WORK TO BE COMPLETED:
Among the entries below, which lines include the string "linetype"? Show each one.

[Data entries]
= Beginning of Section =

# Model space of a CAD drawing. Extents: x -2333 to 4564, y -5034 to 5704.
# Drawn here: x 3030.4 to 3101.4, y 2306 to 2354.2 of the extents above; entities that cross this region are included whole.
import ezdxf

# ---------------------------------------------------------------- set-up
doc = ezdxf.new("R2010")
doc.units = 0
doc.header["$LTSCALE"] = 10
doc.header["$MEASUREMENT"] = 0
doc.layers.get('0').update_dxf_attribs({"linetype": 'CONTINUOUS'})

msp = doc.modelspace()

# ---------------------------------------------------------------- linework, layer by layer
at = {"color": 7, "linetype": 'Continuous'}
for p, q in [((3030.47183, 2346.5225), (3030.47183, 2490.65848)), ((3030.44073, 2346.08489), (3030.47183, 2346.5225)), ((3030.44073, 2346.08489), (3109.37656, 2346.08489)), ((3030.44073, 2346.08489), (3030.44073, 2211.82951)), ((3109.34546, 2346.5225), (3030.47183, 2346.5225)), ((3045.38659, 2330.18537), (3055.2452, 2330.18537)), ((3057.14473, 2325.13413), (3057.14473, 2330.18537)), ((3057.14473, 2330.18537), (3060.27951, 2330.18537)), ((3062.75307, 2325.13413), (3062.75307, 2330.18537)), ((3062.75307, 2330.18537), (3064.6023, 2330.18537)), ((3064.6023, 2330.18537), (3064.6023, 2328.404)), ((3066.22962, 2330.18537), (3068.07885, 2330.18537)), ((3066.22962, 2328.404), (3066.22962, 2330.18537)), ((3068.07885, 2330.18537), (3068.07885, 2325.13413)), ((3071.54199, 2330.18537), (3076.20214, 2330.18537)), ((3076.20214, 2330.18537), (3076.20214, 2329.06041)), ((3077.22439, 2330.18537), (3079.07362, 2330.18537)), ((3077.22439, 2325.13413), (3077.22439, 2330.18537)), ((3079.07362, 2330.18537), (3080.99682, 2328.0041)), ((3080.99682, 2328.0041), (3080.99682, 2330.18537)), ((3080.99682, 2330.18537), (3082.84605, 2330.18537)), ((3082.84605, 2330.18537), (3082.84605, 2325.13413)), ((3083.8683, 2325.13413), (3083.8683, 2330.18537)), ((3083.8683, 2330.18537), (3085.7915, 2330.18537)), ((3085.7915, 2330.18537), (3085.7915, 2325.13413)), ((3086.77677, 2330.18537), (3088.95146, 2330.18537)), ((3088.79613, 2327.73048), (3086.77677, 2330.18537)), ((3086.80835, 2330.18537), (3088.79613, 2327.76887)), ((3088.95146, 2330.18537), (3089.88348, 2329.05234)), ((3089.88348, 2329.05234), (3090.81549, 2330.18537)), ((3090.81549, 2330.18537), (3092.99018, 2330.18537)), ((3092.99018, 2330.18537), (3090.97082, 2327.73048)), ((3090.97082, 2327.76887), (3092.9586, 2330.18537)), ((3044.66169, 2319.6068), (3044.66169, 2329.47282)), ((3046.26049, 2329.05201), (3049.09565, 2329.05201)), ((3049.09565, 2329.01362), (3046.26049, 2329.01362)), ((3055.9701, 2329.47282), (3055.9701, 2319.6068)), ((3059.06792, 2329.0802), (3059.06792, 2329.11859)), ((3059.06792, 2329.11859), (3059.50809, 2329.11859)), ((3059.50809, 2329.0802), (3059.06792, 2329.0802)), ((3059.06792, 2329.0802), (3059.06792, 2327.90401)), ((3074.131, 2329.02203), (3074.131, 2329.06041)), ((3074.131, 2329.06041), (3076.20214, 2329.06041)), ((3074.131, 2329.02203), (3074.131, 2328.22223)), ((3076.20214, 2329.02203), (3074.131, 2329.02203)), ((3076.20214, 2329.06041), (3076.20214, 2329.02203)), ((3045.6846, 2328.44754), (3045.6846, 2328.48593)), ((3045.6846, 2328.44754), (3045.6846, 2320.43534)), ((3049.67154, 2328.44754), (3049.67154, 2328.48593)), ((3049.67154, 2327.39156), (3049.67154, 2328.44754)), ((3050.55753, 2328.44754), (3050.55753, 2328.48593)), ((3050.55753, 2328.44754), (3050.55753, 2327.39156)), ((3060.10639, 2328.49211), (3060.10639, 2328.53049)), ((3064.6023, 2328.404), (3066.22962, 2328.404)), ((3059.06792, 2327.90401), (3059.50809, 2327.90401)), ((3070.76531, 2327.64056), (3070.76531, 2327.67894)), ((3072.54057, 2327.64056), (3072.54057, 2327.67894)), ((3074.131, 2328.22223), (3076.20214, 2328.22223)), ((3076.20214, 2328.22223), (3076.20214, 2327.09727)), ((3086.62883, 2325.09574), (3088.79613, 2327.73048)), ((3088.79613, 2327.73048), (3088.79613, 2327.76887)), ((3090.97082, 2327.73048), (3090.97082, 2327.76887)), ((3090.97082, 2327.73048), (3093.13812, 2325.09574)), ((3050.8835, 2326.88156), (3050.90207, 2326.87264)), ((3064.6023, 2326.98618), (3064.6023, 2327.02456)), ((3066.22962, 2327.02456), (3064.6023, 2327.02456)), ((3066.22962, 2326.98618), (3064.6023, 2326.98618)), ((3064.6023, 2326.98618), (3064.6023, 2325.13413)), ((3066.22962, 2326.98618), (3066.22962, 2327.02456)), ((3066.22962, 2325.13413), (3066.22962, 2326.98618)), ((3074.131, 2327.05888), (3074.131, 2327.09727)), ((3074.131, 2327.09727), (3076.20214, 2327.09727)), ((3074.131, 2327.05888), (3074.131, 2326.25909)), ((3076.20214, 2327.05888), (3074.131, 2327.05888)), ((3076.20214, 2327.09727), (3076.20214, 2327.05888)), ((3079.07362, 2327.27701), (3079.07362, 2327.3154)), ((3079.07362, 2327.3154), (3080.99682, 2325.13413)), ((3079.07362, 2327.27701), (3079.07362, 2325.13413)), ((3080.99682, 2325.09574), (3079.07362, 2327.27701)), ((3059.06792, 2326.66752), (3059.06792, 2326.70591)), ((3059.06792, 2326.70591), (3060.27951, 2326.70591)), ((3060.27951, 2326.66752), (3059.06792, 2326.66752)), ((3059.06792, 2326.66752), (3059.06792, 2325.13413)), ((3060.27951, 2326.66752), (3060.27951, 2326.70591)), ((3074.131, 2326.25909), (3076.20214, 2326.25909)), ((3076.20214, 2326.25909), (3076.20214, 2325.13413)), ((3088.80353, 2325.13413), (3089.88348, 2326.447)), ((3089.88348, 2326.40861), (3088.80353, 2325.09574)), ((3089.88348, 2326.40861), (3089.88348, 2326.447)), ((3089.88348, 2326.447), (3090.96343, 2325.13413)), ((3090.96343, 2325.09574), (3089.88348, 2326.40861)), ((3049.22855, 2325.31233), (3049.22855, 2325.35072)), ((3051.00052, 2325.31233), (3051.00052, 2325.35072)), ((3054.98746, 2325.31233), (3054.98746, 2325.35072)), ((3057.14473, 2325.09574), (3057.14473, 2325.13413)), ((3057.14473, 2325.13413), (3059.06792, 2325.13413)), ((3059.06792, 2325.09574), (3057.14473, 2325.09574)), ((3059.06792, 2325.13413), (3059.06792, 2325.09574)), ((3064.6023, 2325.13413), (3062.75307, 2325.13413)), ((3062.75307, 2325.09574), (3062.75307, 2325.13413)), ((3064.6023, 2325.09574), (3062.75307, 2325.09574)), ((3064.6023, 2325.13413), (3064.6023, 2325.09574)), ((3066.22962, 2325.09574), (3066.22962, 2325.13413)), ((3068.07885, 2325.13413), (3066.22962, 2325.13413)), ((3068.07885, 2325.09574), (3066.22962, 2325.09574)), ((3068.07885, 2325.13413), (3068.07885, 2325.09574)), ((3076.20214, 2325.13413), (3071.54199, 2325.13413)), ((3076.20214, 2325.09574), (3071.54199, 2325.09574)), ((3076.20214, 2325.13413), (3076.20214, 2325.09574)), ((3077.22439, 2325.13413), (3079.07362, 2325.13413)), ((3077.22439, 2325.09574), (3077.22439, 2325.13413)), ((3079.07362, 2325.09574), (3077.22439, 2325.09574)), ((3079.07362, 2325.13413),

= End of Section =

TASK SOLUTION:
doc.layers.get('0').update_dxf_attribs({"linetype": 'CONTINUOUS'})
at = {"color": 7, "linetype": 'Continuous'}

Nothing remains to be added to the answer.